** About this exercise **
In how many lines of the data below does the word "CABLE" appear? Reply with the number and nothing more.

-------- Provided data

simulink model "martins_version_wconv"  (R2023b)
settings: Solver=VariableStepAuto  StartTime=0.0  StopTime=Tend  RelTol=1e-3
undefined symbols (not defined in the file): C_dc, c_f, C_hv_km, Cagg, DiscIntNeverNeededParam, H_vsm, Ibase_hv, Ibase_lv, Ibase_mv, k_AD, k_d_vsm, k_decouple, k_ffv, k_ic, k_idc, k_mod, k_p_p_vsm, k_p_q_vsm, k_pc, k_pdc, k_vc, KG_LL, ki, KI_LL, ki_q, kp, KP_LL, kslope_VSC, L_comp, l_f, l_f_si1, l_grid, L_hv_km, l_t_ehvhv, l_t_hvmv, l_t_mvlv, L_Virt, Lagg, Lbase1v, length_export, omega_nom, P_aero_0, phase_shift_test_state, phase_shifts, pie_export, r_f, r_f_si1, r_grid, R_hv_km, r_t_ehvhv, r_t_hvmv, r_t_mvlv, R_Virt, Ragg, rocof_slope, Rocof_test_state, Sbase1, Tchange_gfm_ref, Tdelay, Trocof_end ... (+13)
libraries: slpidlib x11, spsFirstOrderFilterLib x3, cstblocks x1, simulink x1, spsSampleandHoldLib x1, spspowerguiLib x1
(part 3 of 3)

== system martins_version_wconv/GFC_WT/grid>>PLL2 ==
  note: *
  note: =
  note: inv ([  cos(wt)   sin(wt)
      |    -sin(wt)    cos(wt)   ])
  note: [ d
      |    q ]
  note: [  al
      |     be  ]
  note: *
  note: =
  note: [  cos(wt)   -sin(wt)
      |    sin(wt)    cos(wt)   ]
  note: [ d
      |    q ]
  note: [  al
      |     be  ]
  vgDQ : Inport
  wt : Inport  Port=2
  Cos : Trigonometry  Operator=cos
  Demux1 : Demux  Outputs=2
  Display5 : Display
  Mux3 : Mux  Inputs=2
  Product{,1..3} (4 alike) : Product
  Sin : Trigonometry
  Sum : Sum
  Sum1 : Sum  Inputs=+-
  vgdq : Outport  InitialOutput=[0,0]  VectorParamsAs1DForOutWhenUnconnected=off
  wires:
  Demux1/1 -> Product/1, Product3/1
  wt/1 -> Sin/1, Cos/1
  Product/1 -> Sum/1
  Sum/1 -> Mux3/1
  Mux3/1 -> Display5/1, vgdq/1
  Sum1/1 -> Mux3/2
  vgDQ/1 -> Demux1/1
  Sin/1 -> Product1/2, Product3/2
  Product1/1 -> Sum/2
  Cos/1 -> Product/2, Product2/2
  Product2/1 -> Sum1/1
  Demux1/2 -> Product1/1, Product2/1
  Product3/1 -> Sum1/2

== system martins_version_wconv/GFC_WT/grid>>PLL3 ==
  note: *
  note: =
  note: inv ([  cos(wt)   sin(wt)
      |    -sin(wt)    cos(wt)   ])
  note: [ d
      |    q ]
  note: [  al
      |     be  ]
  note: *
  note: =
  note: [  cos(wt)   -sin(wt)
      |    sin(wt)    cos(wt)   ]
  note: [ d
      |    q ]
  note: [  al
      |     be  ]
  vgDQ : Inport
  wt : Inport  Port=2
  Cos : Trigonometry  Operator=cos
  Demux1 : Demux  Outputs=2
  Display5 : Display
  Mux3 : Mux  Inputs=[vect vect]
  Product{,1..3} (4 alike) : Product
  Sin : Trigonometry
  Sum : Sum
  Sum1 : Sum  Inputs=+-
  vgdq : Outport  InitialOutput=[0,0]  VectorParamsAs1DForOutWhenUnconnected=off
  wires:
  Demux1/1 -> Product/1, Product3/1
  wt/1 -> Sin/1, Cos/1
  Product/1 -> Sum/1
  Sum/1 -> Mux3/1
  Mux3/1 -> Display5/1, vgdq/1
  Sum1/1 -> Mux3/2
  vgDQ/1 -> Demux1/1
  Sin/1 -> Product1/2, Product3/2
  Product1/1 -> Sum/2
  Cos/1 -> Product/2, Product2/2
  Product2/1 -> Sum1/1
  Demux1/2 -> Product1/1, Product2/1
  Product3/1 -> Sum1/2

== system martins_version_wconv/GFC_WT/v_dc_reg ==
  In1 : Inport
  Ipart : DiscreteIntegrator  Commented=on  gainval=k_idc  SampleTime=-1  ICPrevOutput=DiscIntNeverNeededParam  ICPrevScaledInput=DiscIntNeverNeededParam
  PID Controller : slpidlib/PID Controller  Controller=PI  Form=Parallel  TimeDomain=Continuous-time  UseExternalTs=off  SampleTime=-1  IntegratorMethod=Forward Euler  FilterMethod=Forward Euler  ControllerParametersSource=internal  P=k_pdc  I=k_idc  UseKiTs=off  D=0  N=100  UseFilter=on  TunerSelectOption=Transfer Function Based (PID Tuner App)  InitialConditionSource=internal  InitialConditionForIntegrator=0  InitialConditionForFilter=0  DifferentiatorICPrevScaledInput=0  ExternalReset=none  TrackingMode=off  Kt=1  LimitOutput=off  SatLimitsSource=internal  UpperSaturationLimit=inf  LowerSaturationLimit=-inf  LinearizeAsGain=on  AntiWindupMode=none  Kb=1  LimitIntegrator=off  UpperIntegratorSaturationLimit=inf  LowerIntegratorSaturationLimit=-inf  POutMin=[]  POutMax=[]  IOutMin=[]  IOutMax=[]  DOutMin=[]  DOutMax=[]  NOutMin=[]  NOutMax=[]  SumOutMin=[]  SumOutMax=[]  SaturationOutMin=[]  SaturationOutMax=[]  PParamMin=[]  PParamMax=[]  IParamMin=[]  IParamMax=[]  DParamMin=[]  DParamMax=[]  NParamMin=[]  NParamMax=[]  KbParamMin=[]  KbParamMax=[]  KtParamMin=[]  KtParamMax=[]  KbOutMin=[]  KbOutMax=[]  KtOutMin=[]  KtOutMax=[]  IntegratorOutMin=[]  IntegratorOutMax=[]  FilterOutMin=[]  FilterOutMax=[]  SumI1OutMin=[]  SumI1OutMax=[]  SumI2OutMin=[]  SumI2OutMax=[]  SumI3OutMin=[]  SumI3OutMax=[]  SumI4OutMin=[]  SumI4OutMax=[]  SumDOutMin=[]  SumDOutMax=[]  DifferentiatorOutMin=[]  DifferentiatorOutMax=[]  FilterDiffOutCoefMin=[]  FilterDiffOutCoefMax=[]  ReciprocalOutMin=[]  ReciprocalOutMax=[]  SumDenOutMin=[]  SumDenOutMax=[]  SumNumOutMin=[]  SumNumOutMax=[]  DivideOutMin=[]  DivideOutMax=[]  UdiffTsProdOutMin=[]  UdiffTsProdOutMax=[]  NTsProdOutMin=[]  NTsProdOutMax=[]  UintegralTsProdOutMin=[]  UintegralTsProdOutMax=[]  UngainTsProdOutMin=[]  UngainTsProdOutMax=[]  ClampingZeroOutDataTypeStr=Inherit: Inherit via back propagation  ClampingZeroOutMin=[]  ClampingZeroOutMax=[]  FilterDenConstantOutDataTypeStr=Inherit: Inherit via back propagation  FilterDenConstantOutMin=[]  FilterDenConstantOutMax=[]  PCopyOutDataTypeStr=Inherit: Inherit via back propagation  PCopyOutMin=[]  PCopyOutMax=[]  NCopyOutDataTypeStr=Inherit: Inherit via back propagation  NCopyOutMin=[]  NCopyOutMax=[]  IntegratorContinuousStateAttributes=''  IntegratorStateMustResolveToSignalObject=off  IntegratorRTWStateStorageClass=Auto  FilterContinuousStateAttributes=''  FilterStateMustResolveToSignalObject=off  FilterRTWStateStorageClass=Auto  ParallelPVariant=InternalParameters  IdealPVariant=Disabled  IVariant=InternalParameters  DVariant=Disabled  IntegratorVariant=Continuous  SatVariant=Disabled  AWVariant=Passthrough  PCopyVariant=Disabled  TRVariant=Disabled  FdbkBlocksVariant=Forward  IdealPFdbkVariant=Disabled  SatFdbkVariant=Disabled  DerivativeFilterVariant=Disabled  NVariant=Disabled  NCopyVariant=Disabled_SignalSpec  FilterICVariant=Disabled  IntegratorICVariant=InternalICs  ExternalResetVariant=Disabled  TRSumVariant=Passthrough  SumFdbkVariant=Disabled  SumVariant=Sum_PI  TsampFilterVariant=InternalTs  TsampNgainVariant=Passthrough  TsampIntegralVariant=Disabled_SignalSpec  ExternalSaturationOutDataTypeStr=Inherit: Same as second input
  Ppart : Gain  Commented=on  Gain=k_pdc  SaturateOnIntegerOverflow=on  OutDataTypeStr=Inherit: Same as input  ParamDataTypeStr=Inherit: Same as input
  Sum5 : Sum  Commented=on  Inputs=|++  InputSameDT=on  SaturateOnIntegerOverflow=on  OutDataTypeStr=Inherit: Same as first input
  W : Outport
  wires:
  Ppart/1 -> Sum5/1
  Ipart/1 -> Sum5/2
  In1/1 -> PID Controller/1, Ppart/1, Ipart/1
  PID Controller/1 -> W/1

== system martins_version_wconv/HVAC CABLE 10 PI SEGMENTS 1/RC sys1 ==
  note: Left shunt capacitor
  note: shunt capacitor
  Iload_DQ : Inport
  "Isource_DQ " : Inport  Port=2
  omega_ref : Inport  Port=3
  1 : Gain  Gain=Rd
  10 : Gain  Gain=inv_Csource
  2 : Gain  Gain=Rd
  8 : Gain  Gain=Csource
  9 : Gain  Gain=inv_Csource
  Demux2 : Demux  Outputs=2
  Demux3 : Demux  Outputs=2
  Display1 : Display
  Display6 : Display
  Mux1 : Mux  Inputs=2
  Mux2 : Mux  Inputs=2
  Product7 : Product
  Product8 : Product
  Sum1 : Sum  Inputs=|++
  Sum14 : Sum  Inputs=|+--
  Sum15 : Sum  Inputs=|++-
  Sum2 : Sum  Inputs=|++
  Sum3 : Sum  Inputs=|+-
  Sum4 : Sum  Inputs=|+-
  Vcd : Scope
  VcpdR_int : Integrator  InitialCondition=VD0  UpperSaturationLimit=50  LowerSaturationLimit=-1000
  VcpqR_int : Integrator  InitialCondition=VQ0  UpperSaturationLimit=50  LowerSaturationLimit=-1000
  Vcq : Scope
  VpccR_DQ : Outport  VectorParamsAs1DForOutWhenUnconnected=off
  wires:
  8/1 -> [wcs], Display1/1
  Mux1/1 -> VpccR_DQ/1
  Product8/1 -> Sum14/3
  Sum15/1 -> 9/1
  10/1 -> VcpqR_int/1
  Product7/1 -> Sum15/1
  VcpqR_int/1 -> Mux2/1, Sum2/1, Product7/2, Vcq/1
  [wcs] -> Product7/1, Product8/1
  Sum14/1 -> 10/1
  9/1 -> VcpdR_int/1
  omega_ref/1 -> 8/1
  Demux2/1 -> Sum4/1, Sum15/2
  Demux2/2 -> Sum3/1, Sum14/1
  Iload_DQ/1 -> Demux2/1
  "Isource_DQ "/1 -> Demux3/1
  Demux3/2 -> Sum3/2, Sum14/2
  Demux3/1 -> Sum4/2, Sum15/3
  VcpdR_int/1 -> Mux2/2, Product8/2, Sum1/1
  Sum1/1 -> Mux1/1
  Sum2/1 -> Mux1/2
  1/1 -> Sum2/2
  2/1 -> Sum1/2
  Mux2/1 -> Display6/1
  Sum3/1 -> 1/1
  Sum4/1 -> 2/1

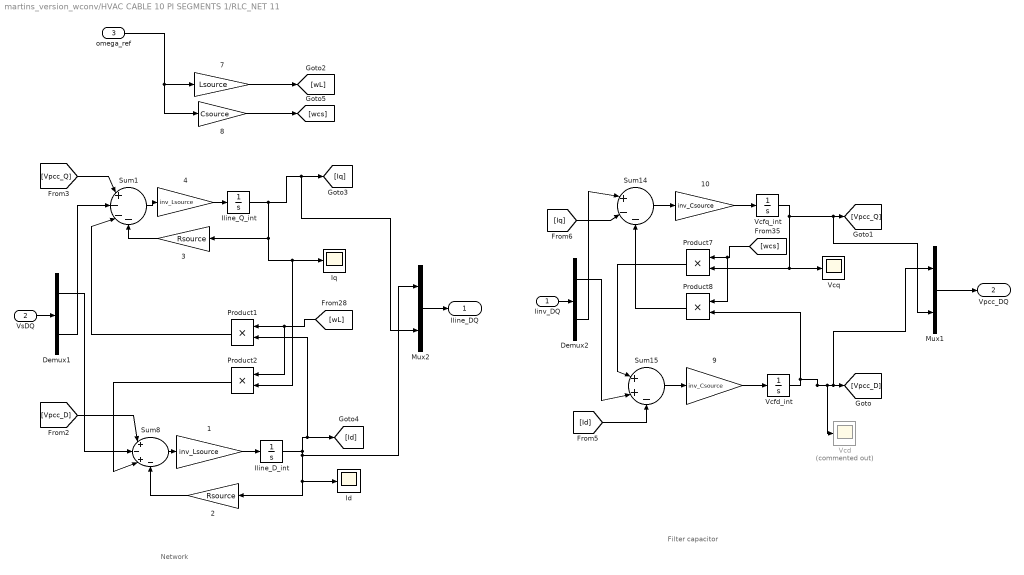
== system martins_version_wconv/HVAC CABLE 10 PI SEGMENTS 1/RLC_NET 11 ==
  note: Network
  note: Filter capacitor
  Iinv_DQ : Inport
  "VsDQ " : Inport  Port=2
  omega_ref : Inport  Port=3
  1 : Gain  Gain=inv_Lsource
  10 : Gain  Gain=inv_Csource
  2 : Gain  Gain=Rsource
  3 : Gain  Gain=Rsource
  4 : Gain  Gain=inv_Lsource
  7 : Gain  Gain=Lsource
  8 : Gain  Gain=Csource
  9 : Gain  Gain=inv_Csource
  Demux1 : Demux  Outputs=2
  Demux2 : Demux  Outputs=2
  Id : Scope
  Iline_D_int : Integrator  UpperSaturationLimit=50  LowerSaturationLimit=-1000
  Iline_Q_int : Integrator  UpperSaturationLimit=50  LowerSaturationLimit=-1000
  Iq : Scope
  Mux1 : Mux  Inputs=2
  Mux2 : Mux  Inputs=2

----------------

** Finished exercise **
2